# cub cadet xt1 lt50" burned out kohler engine with 20 hrs



## seekertom (Nov 6, 2018)

Hi, yall. just signed on here today, hoping to find some answers from other users.

Pretty new cubby, about 20 hrs on meter. I use it maybe two or three times a month for 1/2 acre grass cutting. Cpla months ago it wouldn't start, and gas tank was empty. I filled tank half way, but now engine spun about 1/2 revolution, then stopped spinning.

I thot bad battery, so replaced it with new spare. same spin issue, but now gas just running on sidewalk at front of engine. I called my local warranty service guys who suggested float stuck, gas dumping. Also, probably raw gas in cylinder, preventing spin. Said take out plug, etc. It is only half way thru warranty, so I said I'd rather they look at it, but they were so busy couldn't get to it for several weeks.
So it sat on the sidewalk. every few days I'd try it, then it actually spun free and started, so I cut the grass, thinking stabil in the fresh gas cleaned up the gunk and it ran great.
Next time, a week or so later, no start, but spun freely. I checked the oil, nearly full and clean, then put in a few oz seafoam to quarter tank gas. I kept at it until it finally started. Lots white smoke. Then cleared up and ran normally.

I left the cowl open, latched down the seat, and left it running by itself for about 10 mins. When I came back to it it had stopped. Now it wouldn't even spin a little. Called shop, made an appointment for next day, brought it in. After a week or so they told me engine was seized, had no oil in it, and would not be covered by warranty.

So, here's my problem... Where did the oil go? It was on dipstick before I let it run the last time. Engine has only 20 hrs run time, so not burning oil. Yet company says no oil means no warranty. I say no oil means new engine is defective if it loses oil after only 20 hrs.

I'd love to hear any comments, opinions etc about this issue, especially warranty wont be honored...
Thanks, seekertom
Thanks for listnin. seekertom

update as of 01/24/19
WOW! final(?) update. cubby has been in shop from 10/07/18 until jan 18, 2019. Final resolution, according to mechanic, replaced short block due to engine seizure, no oil. Oil seems to have exited thru main crank seal which failed due to heat from low oil. (how did oil get low? leaked out of seal due to engine getting hot. why did engine get hot? it was low on oil. How did it get low on oil?????) yada.

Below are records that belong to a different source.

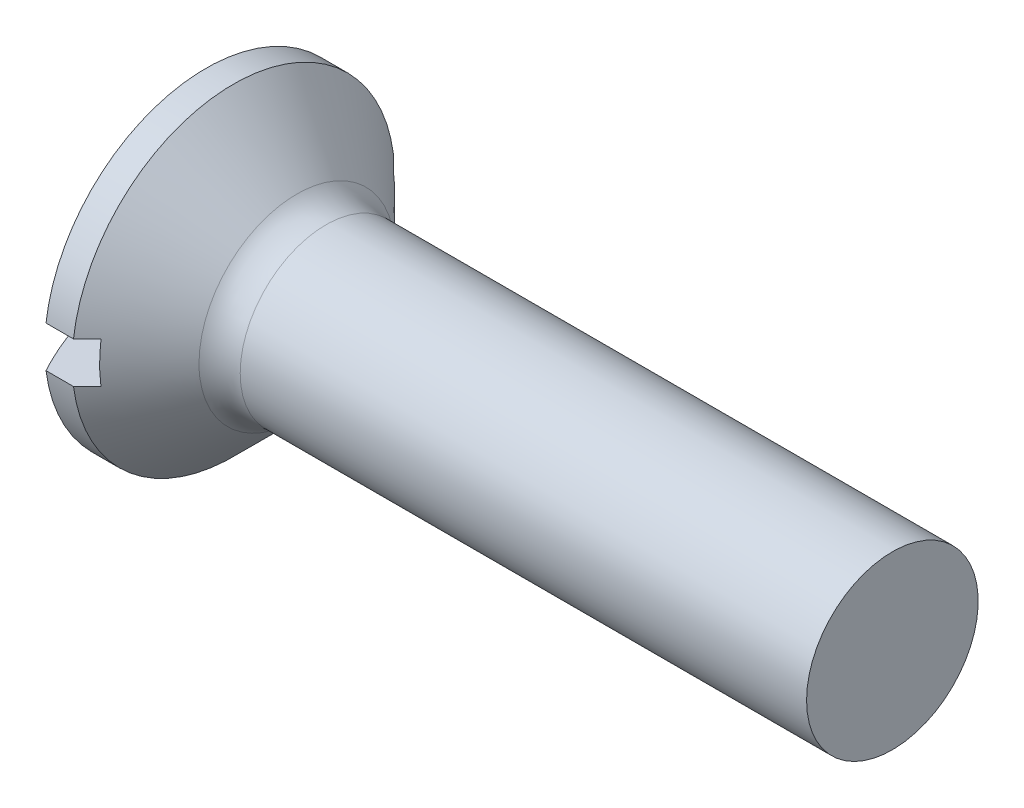
ISO-10303-21;
HEADER;
FILE_DESCRIPTION(('STEP AP214'),'2;1');
FILE_NAME('part.step','',(''),(''),'','','');
FILE_SCHEMA(('AUTOMOTIVE_DESIGN { 1 0 10303 214 1 1 1 1 }'));
ENDSEC;
DATA;
#1=APPLICATION_CONTEXT('core data for automotive mechanical design processes');
#2=APPLICATION_PROTOCOL_DEFINITION('international standard','automotive_design',2000,#1);
#3=PRODUCT_CONTEXT('',#1,'mechanical');
#4=PRODUCT('Part','Part','',(#3));
#5=PRODUCT_RELATED_PRODUCT_CATEGORY('part','',(#4));
#6=PRODUCT_DEFINITION_FORMATION('','',#4);
#7=PRODUCT_DEFINITION_CONTEXT('part definition',#1,'design');
#8=PRODUCT_DEFINITION('design','',#6,#7);
#9=PRODUCT_DEFINITION_SHAPE('','',#8);
#10=(LENGTH_UNIT() NAMED_UNIT(*) SI_UNIT(.MILLI.,.METRE.));
#11=(NAMED_UNIT(*) PLANE_ANGLE_UNIT() SI_UNIT($,.RADIAN.));
#12=(NAMED_UNIT(*) SI_UNIT($,.STERADIAN.) SOLID_ANGLE_UNIT());
#13=UNCERTAINTY_MEASURE_WITH_UNIT(LENGTH_MEASURE(1.E-05),#10,'distance_accuracy_value','');
#14=(GEOMETRIC_REPRESENTATION_CONTEXT(3) GLOBAL_UNCERTAINTY_ASSIGNED_CONTEXT((#13)) GLOBAL_UNIT_ASSIGNED_CONTEXT((#10,
#11,#12)) REPRESENTATION_CONTEXT('',''));
#15=CARTESIAN_POINT('',(0.,0.,0.));
#16=DIRECTION('',(0.,0.,1.));
#17=DIRECTION('',(1.,0.,0.));
#18=AXIS2_PLACEMENT_3D('',#15,#16,#17);
#19=CARTESIAN_POINT('',(4.90208333333334,0.,0.));
#20=DIRECTION('',(-1.,0.,0.));
#21=DIRECTION('',(0.,-1.,0.));
#22=AXIS2_PLACEMENT_3D('',#19,#20,#21);
#23=SPHERICAL_SURFACE('',#22,4.90208333333334);
#24=CARTESIAN_POINT('',(4.90208333333334,0.3,0.));
#25=DIRECTION('',(0.,1.,0.));
#26=DIRECTION('',(0.,0.,1.));
#27=AXIS2_PLACEMENT_3D('',#24,#25,#26);
#28=CIRCLE('',#27,4.89289495155419);
#29=CARTESIAN_POINT('',(0.6,0.3,2.33077240416133));
#30=VERTEX_POINT('',#29);
#31=CARTESIAN_POINT('',(0.6,0.3,-2.33077240416133));
#32=VERTEX_POINT('',#31);
#33=EDGE_CURVE('E185',#30,#32,#28,.F.);
#34=ORIENTED_EDGE('',*,*,#33,.F.);
#35=CARTESIAN_POINT('',(0.6,0.,0.));
#36=DIRECTION('',(-1.,0.,0.));
#37=DIRECTION('',(0.,0.,1.));
#38=AXIS2_PLACEMENT_3D('',#35,#36,#37);
#39=CIRCLE('',#38,2.35);
#40=EDGE_CURVE('E119',#30,#32,#39,.T.);
#41=ORIENTED_EDGE('',*,*,#40,.T.);
#42=EDGE_LOOP('',(#34,#41));
#43=FACE_BOUND('',#42,.T.);
#44=ADVANCED_FACE('F39',(#43),#23,.T.);
#45=CARTESIAN_POINT('',(-15.875,0.,0.));
#46=DIRECTION('',(-1.,0.,0.));
#47=DIRECTION('',(0.,0.,1.));
#48=AXIS2_PLACEMENT_3D('',#45,#46,#47);
#49=CYLINDRICAL_SURFACE('',#48,2.35);
#50=CARTESIAN_POINT('',(1.,0.,0.));
#51=DIRECTION('',(-1.,0.,0.));
#52=DIRECTION('',(0.,0.,1.));
#53=AXIS2_PLACEMENT_3D('',#50,#51,#52);
#54=CIRCLE('',#53,2.35);
#55=CARTESIAN_POINT('',(1.,0.3,2.33077240416133));
#56=VERTEX_POINT('',#55);
#57=CARTESIAN_POINT('',(1.,0.3,-2.33077240416133));
#58=VERTEX_POINT('',#57);
#59=EDGE_CURVE('E113',#56,#58,#54,.T.);
#60=ORIENTED_EDGE('',*,*,#59,.T.);
#61=DIRECTION('',(-1.,0.,0.));
#62=VECTOR('',#61,1.);
#63=CARTESIAN_POINT('',(-15.875,0.3,-2.33077240416133));
#64=LINE('',#63,#62);
#65=EDGE_CURVE('E67',#58,#32,#64,.T.);
#66=ORIENTED_EDGE('',*,*,#65,.T.);
#67=ORIENTED_EDGE('',*,*,#40,.F.);
#68=DIRECTION('',(-1.,0.,0.));
#69=VECTOR('',#68,1.);
#70=CARTESIAN_POINT('',(-15.875,0.3,2.33077240416133));
#71=LINE('',#70,#69);
#72=EDGE_CURVE('E183',#30,#56,#71,.F.);
#73=ORIENTED_EDGE('',*,*,#72,.T.);
#74=EDGE_LOOP('',(#60,#66,#67,#73));
#75=FACE_BOUND('',#74,.T.);
#76=ADVANCED_FACE('F157',(#75),#49,.T.);
#77=CARTESIAN_POINT('',(10.6,0.,0.));
#78=DIRECTION('',(-1.,0.,0.));
#79=DIRECTION('',(0.,0.,1.));
#80=AXIS2_PLACEMENT_3D('',#77,#78,#79);
#81=PLANE('',#80);
#82=CARTESIAN_POINT('',(10.6,0.,0.));
#83=DIRECTION('',(-1.,0.,0.));
#84=DIRECTION('',(0.,0.,1.));
#85=AXIS2_PLACEMENT_3D('',#82,#83,#84);
#86=CIRCLE('',#85,1.25);
#87=CARTESIAN_POINT('',(10.6,0.,1.25));
#88=VERTEX_POINT('',#87);
#89=EDGE_CURVE('E122',#88,#88,#86,.T.);
#90=ORIENTED_EDGE('',*,*,#89,.F.);
#91=EDGE_LOOP('',(#90));
#92=FACE_BOUND('',#91,.T.);
#93=ADVANCED_FACE('F164',(#92),#81,.F.);
#94=CARTESIAN_POINT('',(4.90208333333334,-0.3,0.));
#95=DIRECTION('',(0.,-1.,0.));
#96=DIRECTION('',(0.,0.,-1.));
#97=AXIS2_PLACEMENT_3D('',#94,#95,#96);
#98=CIRCLE('',#97,4.89289495155419);
#99=CARTESIAN_POINT('',(0.6,-0.299999999999999,-2.33077240416133));
#100=VERTEX_POINT('',#99);
#101=CARTESIAN_POINT('',(0.6,-0.3,2.33077240416133));
#102=VERTEX_POINT('',#101);
#103=EDGE_CURVE('E175',#100,#102,#98,.F.);
#104=ORIENTED_EDGE('',*,*,#103,.F.);
#105=EDGE_CURVE('E115',#100,#102,#39,.T.);
#106=ORIENTED_EDGE('',*,*,#105,.T.);
#107=EDGE_LOOP('',(#104,#106));
#108=FACE_BOUND('',#107,.T.);
#109=ADVANCED_FACE('F160',(#108),#23,.T.);
#110=CARTESIAN_POINT('',(1.,-0.299999999999999,-2.33077240416133));
#111=VERTEX_POINT('',#110);
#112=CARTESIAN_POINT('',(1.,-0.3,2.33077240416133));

anyhow, it was repaired under warranty, 3 1/2 months of which time was spent in custody of shop.
Two things I have noticed that may or may not be true and accurate: engine is noisier than before, and has a squeak while running, and when shutting it off, the last sound is a squeak. Also, full throttle, doesnt seem as fast as before.
Both these are subjective observations, but I will confer with the mechanic about them. For now, starts and runs smoothly, cuts the grass as before. Have no idea whether warranty will be extended to cover the 3 months mower was not 'on the road'.
Thanks for everyone's help here, and hope this info helps someone else in the future.

seekertom


----------



## RC Wells (Dec 26, 2008)

I understand your frustration. I have burned through three Kohler twins with the exact same issue of oil simply going away. In my case, three acre lawn so oil was not checked while mowing - too late!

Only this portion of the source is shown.